Шрифт:
Сдавшиеся отряды Мадамина прошли через Наманган, оставив после себя, словно след, надежду и тревогу. Это двойное чувство вселилось в нас, как только простучали копыта конницы и последний басмач скрылся за холмами.
Наступила ночь. Неспокойная мартовская ночь. Что несла она наманганцам…
ТРЕВОГА НАРАСТАЕТ
Ни звука… Кажется, действительно наступила тишина.
Я приехал в казармы в приподнятом настроении. Нельзя сказать, что на сердце у меня было спокойно. Напротив, исподволь подбиралось волнение, но я считал это следствием пережитых вчера тревог и не прислушивался к собственному чувству. Мне казалось естественным состояние, когда все вокруг меняется и события будоражат человека своей необычностью.

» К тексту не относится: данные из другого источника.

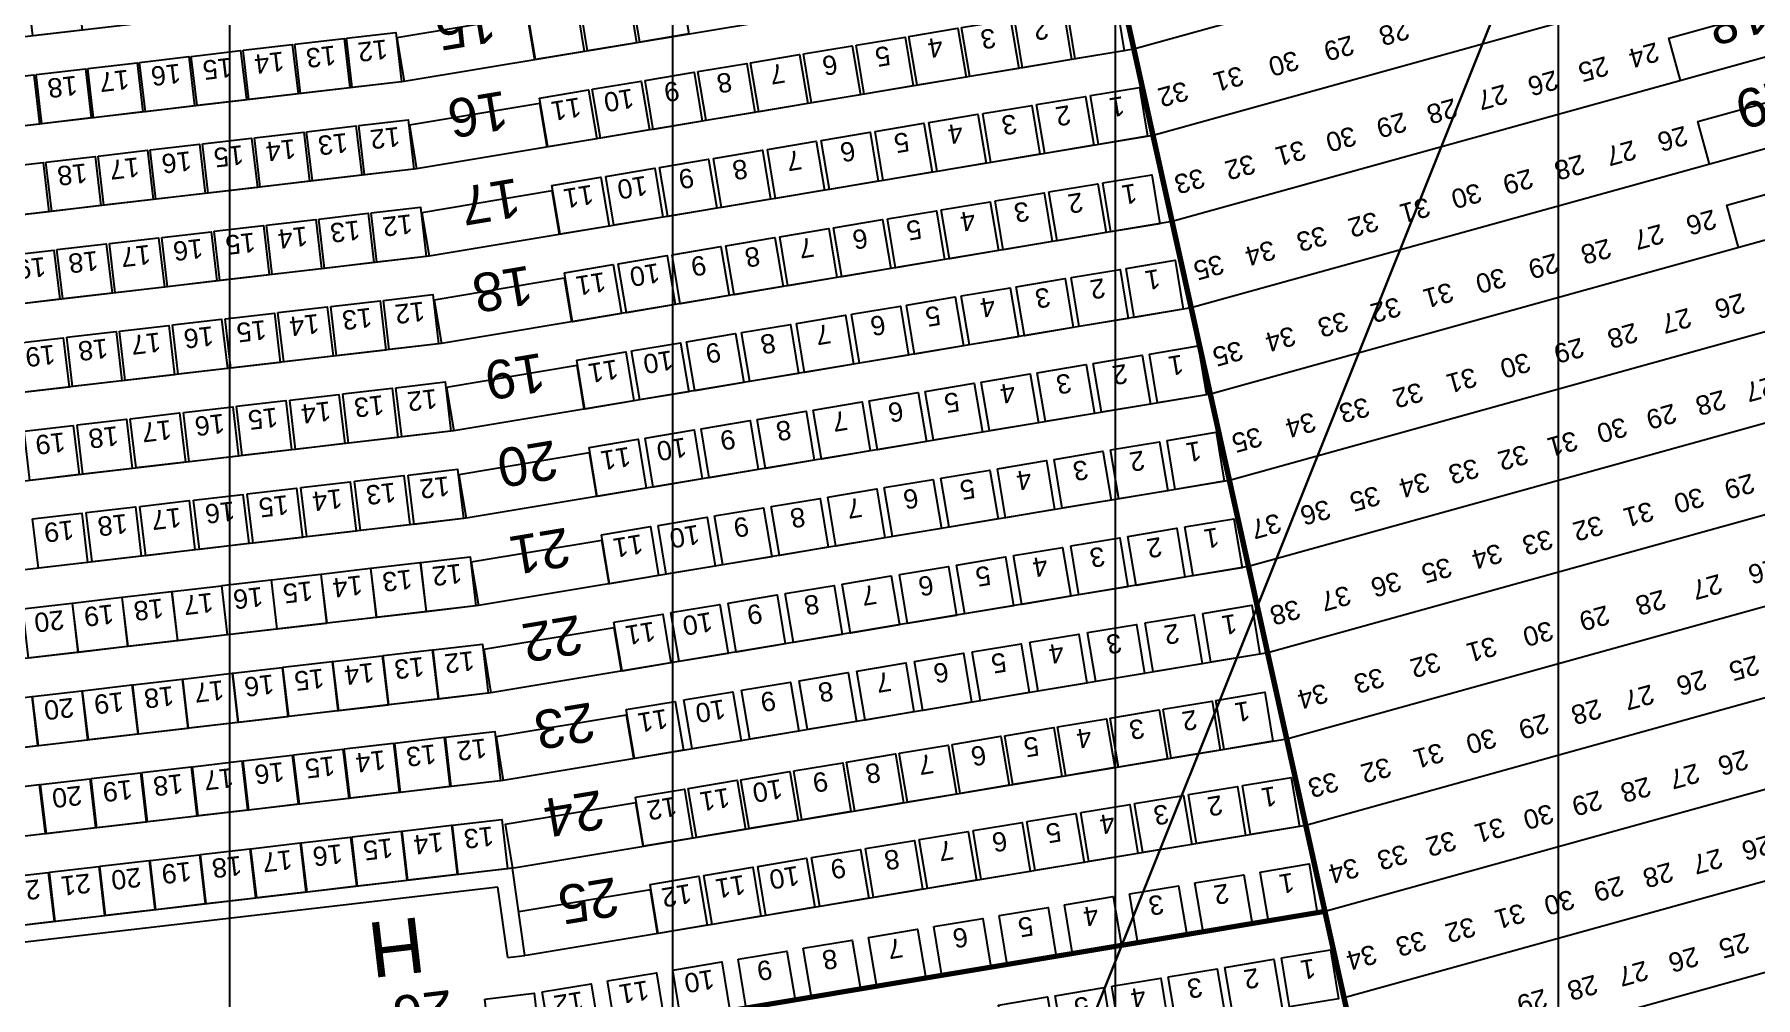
# Model space of a CAD drawing. Header units: millimetres. Extents: x -76108 to 202332, y 27411 to 140378.
# Drawn here: x 131035 to 146641, y 42728 to 51463 of the extents above; entities that cross this region are included whole.
import ezdxf
from ezdxf.enums import TextEntityAlignment as Align

# ---------------------------------------------------------------- set-up
doc = ezdxf.new("R2010")
doc.units = ezdxf.units.MM
doc.header["$LTSCALE"] = 100
for name, color, linetype in [('LINOR_HÄNG', 40, 'CONTINUOUS'), ('N-RADER', 252, 'CONTINUOUS'), ('N-RADNUMMER', 4, 'CONTINUOUS'), ('N-STOLNUMMER', 7, 'CONTINUOUS'), ('N-TRAPPA', 254, 'CONTINUOUS'), ('O-RADER', 252, 'CONTINUOUS'), ('O-RADNUMMER', 4, 'CONTINUOUS'), ('O-STOLAR', 1, 'CONTINUOUS'), ('O-STOLNUMMER', 7, 'CONTINUOUS'), ('O-TRAPPA', 254, 'CONTINUOUS'), ('P-STOLAR', 1, 'CONTINUOUS'), ('P-STOLNUMMER', 7, 'CONTINUOUS'), ('SEKTIONS_NR', 4, 'CONTINUOUS')]:
    doc.layers.add(name, color=color, linetype=linetype)
doc.layers.add('SEKTIONER', color=4, linetype='CONTINUOUS', lineweight=70)
doc.layers.add('SIDEDROP', color=7, linetype='CONTINUOUS', lineweight=30)
doc.styles.add('ARIAL', font='arial.ttf')

msp = doc.modelspace()

# ---------------------------------------------------------------- linework, layer by layer
at = {"layer": 'LINOR_HÄNG'}
for p, q in [((132805.1, 135765.9), (132805.1, 32434.1)), ((136820.1, 134557.3), (136820.1, 33642.7)), ((140835.1, 132723), (140835.1, 35477)), ((144850.1, 130730.1), (144850.1, 37469.9))]:
    msp.add_line(p, q, dxfattribs=at)
at = {"layer": 'N-RADER'}
for p, q in [((146601.2, 52882.2), (141004.8, 51329.5)), ((146864.2, 52125), (141178, 50547.4)), ((147127.3, 51367.7), (141351.2, 49765.2)), ((147390.3, 50610.5), (141524.5, 48983)), ((147653.4, 49853.2), (141697.7, 48200.9)), ((147916.4, 49096), (141871, 47418.7)), ((148179.5, 48338.8), (142044.2, 46636.6)), ((148442.5, 47581.5), (142217.5, 45854.4)), ((148705.6, 46824.3), (142390.7, 45072.3)), ((148968.6, 46067), (142564, 44290.1)), ((149231.7, 45309.8), (142737.2, 43508)), ((149494.7, 44552.6), (142910.4, 42725.8)), ((149757.8, 43795.3), (143083.7, 41943.7))]:
    msp.add_line(p, q, dxfattribs=at)
at = {"layer": 'N-TRAPPA'}
for points in [[(145960.9, 51044.1), (145854, 51429.6), (147020.4, 51753.2), (147127.3, 51367.7)], [(146224, 50286.9), (146117, 50672.3), (147283.4, 50995.9), (147390.3, 50610.5)], [(146487, 49529.6), (146380.1, 49915.1), (147546.4, 50238.7), (147653.4, 49853.2)]]:
    msp.add_lwpolyline(points, dxfattribs=at)
at = {"layer": 'O-RADER'}
for p, q in [((140831.5, 52111.7), (134388.1, 51036.6)), ((134275.8, 51829), (128198.5, 51119.3)), ((141004.8, 51329.5), (134500.4, 50244.3)), ((134388.1, 51036.6), (128269.5, 50322.2)), ((141178, 50547.4), (134612.7, 49452)), ((134500.4, 50244.3), (128340.4, 49525)), ((141351.2, 49765.2), (134724.9, 48659.7)), ((134612.7, 49452), (128411.4, 48727.9)), ((141524.5, 48983), (134837.2, 47867.3)), ((134724.9, 48659.7), (128482.4, 47930.7)), ((141697.7, 48200.9), (134949.5, 47075)), ((134837.2, 47867.3), (128553.3, 47133.6)), ((141871, 47418.7), (135061.8, 46282.7)), ((134949.5, 47075), (128624.3, 46336.4)), ((142044.2, 46636.6), (135174.1, 45490.4)), ((135061.8, 46282.7), (128695.3, 45539.3)), ((142217.5, 45854.4), (135286.4, 44698)), ((135174.1, 45490.4), (128766.2, 44742.1)), ((142390.7, 45072.3), (135398.6, 43905.7)), ((135286.4, 44698), (128837.2, 43945)), ((142564, 44290.1), (135510.9, 43113.4)), ((135398.6, 43905.7), (128908.2, 43147.8)), ((142737.2, 43508), (135623.2, 42321.1)), ((135510.9, 43113.4), (135481.1, 43109.9))]:
    msp.add_line(p, q, dxfattribs=at)
at = {"layer": 'O-STOLAR'}
for points in [[(130968.3, 51895.8), (131415.3, 51948), (131467.5, 51501), (131020.5, 51448.8)], [(135976.3, 51757.8), (136420.1, 51831.9), (136494.2, 51388), (136050.3, 51314)], [(136449.7, 51836.8), (136893.6, 51910.9), (136967.7, 51467), (136523.8, 51393)], [(135502.8, 51678.8), (135946.7, 51752.9), (136020.7, 51309), (135576.9, 51235)], [(139920.6, 51604.8), (140364.5, 51678.9), (140438.5, 51235), (139994.7, 51161)], [(140399, 51684.7), (140842.9, 51758.7), (140916.9, 51314.9), (140473, 51240.8)], [(138963.8, 51445.2), (139407.7, 51519.3), (139481.7, 51075.4), (139037.9, 51001.4)], [(139442.2, 51525), (139886.1, 51599.1), (139960.1, 51155.2), (139516.3, 51081.2)], [(132926.1, 51319), (133373.1, 51371.2), (133425.2, 50924.2), (132978.3, 50872)], [(133394.9, 51373.7), (133841.9, 51425.9), (133894.1, 50978.9), (133447.1, 50926.8)], [(133863.7, 51428.5), (134310.7, 51480.6), (134362.9, 51033.7), (133915.9, 50981.5)], [(138007, 51285.6), (138450.9, 51359.6), (138525, 50915.8), (138081.1, 50841.7)], [(138485.4, 51365.4), (138929.3, 51439.5), (139003.4, 50995.6), (138559.5, 50921.5)], [(131519.6, 51154.8), (131966.6, 51206.9), (132018.8, 50760), (131571.8, 50707.8)], [(131988.5, 51209.5), (132435.4, 51261.7), (132487.6, 50814.7), (132040.7, 50762.5)], [(132457.3, 51264.2), (132904.2, 51316.4), (132956.4, 50869.5), (132509.5, 50817.3)], [(137050.3, 51126), (137494.1, 51200), (137568.2, 50756.1), (137124.3, 50682.1)], [(137528.7, 51205.8), (137972.5, 51279.8), (138046.6, 50836), (137602.7, 50761.9)], [(130582, 51045.3), (131029, 51097.5), (131081.2, 50650.5), (130634.2, 50598.3)], [(131050.8, 51100), (131497.8, 51152.2), (131550, 50705.2), (131103, 50653)], [(136093.5, 50966.3), (136537.4, 51040.4), (136611.4, 50596.5), (136167.6, 50522.5)], [(136571.9, 51046.1), (137015.8, 51120.2), (137089.8, 50676.3), (136645.9, 50602.3)], [(135615.1, 50886.5), (136059, 50960.6), (136133, 50516.7), (135689.2, 50442.6)], [(140121.7, 50827.3), (140565.5, 50901.4), (140639.6, 50457.5), (140195.7, 50383.5)], [(140609.9, 50908.8), (141053.8, 50982.9), (141127.8, 50539), (140684, 50464.9)], [(139145.2, 50664.4), (139589, 50738.5), (139663.1, 50294.6), (139219.2, 50220.5)], [(139633.4, 50745.9), (140077.3, 50819.9), (140151.3, 50376.1), (139707.5, 50302)], [(133030.4, 50525.7), (133477.4, 50577.9), (133529.6, 50130.9), (133082.6, 50078.8)], [(133503.2, 50580.9), (133950.2, 50633.1), (134002.4, 50186.2), (133555.4, 50134)], [(133976, 50636.1), (134423, 50688.3), (134475.2, 50241.4), (134028.2, 50189.2)], [(138168.7, 50501.5), (138612.5, 50575.5), (138686.6, 50131.7), (138242.7, 50057.6)], [(138656.9, 50583), (139100.8, 50657), (139174.8, 50213.1), (138731, 50139.1)], [(131612.1, 50360.1), (132059, 50412.3), (132111.2, 49965.3), (131664.3, 49913.1)], [(132084.9, 50415.3), (132531.8, 50467.5), (132584, 50020.5), (132137, 49968.3)], [(132557.6, 50470.5), (133004.6, 50522.7), (133056.8, 50075.7), (132609.8, 50023.6)], [(137192.2, 50338.6), (137636, 50412.6), (137710.1, 49968.8), (137266.2, 49894.7)], [(137680.4, 50420), (138124.3, 50494.1), (138198.3, 50050.2), (137754.5, 49976.2)], [(130666.5, 50249.7), (131113.5, 50301.9), (131165.6, 49854.9), (130718.7, 49802.7)], [(131139.3, 50304.9), (131586.2, 50357.1), (131638.4, 49910.1), (131191.5, 49857.9)], [(136703.9, 50257.1), (137147.8, 50331.2), (137221.8, 49887.3), (136778, 49813.2)], [(135727.4, 50094.2), (136171.3, 50168.2), (136245.3, 49724.4), (135801.5, 49650.3)], [(136215.6, 50175.6), (136659.5, 50249.7), (136733.6, 49805.8), (136289.7, 49731.8)], [(140233.9, 50035), (140677.8, 50109.1), (140751.9, 49665.2), (140308, 49591.1)], [(140722.2, 50116.5), (141166.1, 50190.5), (141240.1, 49746.7), (140796.3, 49672.6)], [(139257.4, 49872.1), (139701.3, 49946.1), (139775.4, 49502.3), (139331.5, 49428.2)], [(139745.7, 49953.5), (140189.6, 50027.6), (140263.6, 49583.7), (139819.7, 49509.7)], [(133138.7, 49732.9), (133585.7, 49785.1), (133637.9, 49338.2), (133190.9, 49286)], [(133613.5, 49788.4), (134060.5, 49840.6), (134112.7, 49393.6), (133665.7, 49341.4)], [(134088.3, 49843.8), (134535.3, 49896), (134587.4, 49449), (134140.5, 49396.8)], [(138280.9, 49709.2), (138724.8, 49783.2), (138798.9, 49339.4), (138355, 49265.3)], [(138769.2, 49790.6), (139213.1, 49864.7), (139287.1, 49420.8), (138843.2, 49346.8)], [(132189.2, 49622.1), (132636.2, 49674.2), (132688.3, 49227.3), (132241.4, 49175.1)], [(132664, 49677.5), (133110.9, 49729.7), (133163.1, 49282.7), (132716.2, 49230.5)], [(137792.7, 49627.7), (138236.6, 49701.8), (138310.6, 49257.9), (137866.7, 49183.8)], [(130764.9, 49455.7), (131211.8, 49507.9), (131264, 49061), (130817.1, 49008.8)], [(131239.6, 49511.2), (131686.6, 49563.4), (131738.8, 49116.4), (131291.8, 49064.2)], [(131714.4, 49566.6), (132161.4, 49618.8), (132213.6, 49171.8), (131766.6, 49119.7)], [(136816.2, 49464.8), (137260.1, 49538.8), (137334.1, 49095), (136890.2, 49020.9)], [(137304.4, 49546.2), (137748.3, 49620.3), (137822.4, 49176.4), (137378.5, 49102.4)], [(135839.7, 49301.9), (136283.5, 49375.9), (136357.6, 48932.1), (135913.7, 48858)], [(136327.9, 49383.3), (136771.8, 49457.4), (136845.9, 49013.5), (136402, 48939.5)], [(140435, 49257.5), (140878.9, 49331.6), (140952.9, 48887.7), (140509.1, 48813.6)], [(140933.1, 49340.6), (141377, 49414.7), (141451, 48970.8), (141007.2, 48896.7)], [(139438.8, 49091.3), (139882.6, 49165.3), (139956.7, 48721.5), (139512.8, 48647.4)], [(139936.9, 49174.4), (140380.8, 49248.4), (140454.8, 48804.6), (140010.9, 48730.5)], [(133721.8, 48995.6), (134168.8, 49047.8), (134221, 48600.8), (133774, 48548.6)], [(134200.6, 49051.5), (134647.5, 49103.7), (134699.7, 48656.7), (134252.8, 48604.5)], [(138940.7, 49008.2), (139384.5, 49082.2), (139458.6, 48638.4), (139014.7, 48564.3)], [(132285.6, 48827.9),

Меня ожидало путешествие. По приглашению нашего вчерашнего гостя Прим-курбаши я с женой должен был откушать плова в его курганче, что стояла у дороги на Кассан. Поездка мирная, дружеская. Так — представляли ее в штабе бригады. Но для меня это представление не было утешительным. Уверенность в том, что мы обрели искренних друзей в лице басмаческих курбашей, еще не укрепилась. Торжественный прием в бывшей гостинице «Россия» лишь на короткое время столкнул нас лицом к лицу с недавними врагами. Веселье — не то средство, которое сближает людей, раскрывает их чувства. А если и сближает, то лишь на короткое мгновение. Перед моим мысленным взором все время стояло хмурое лицо Аман-палвана с недоброй, почти мучительной улыбкой. Что таилось за этой улыбкой, неведомо никому. Но, верно, таилось что-то злое. Правда, вспоминались и другие лица, того же Прим-курбаши — веселое, открытое. Тот действительно радовался перемирию. Ему можно было доверять. По крайней мере, так казалось мне. Я надеялся на молодого курбаши и, собираясь в дорогу, говорил себе: «Все будет хорошо. Он наш. Не подведет».
Мою уверенность несколько поколебал штабной кучер Курбан-ака. Когда мы — Анна Андреевна, жена моя, я и Гурский — садились в рессорную коляску, возница наш покачал головой и сказал:
— Зачем к басмачам едешь, командир… Плохо будет.
Курбан-ака разговаривал редко. И уже если утруждал себя словом, то лишь в случае крайней необходимости. Почему-то мне запало в душу это предупреждение и еще более усилило волнение. Но изменить ход дела было уже нельзя. Не только желание и настроение принуждали нас к поездке. Принуждал долг. Приглашение нового друга принято, нас ждут, и если мы не явимся, курбаши расценит это как вызов, пренебрежение гостеприимством и потеряет доверие к нам — советским воинам. Надо ехать во что бы то ни стало.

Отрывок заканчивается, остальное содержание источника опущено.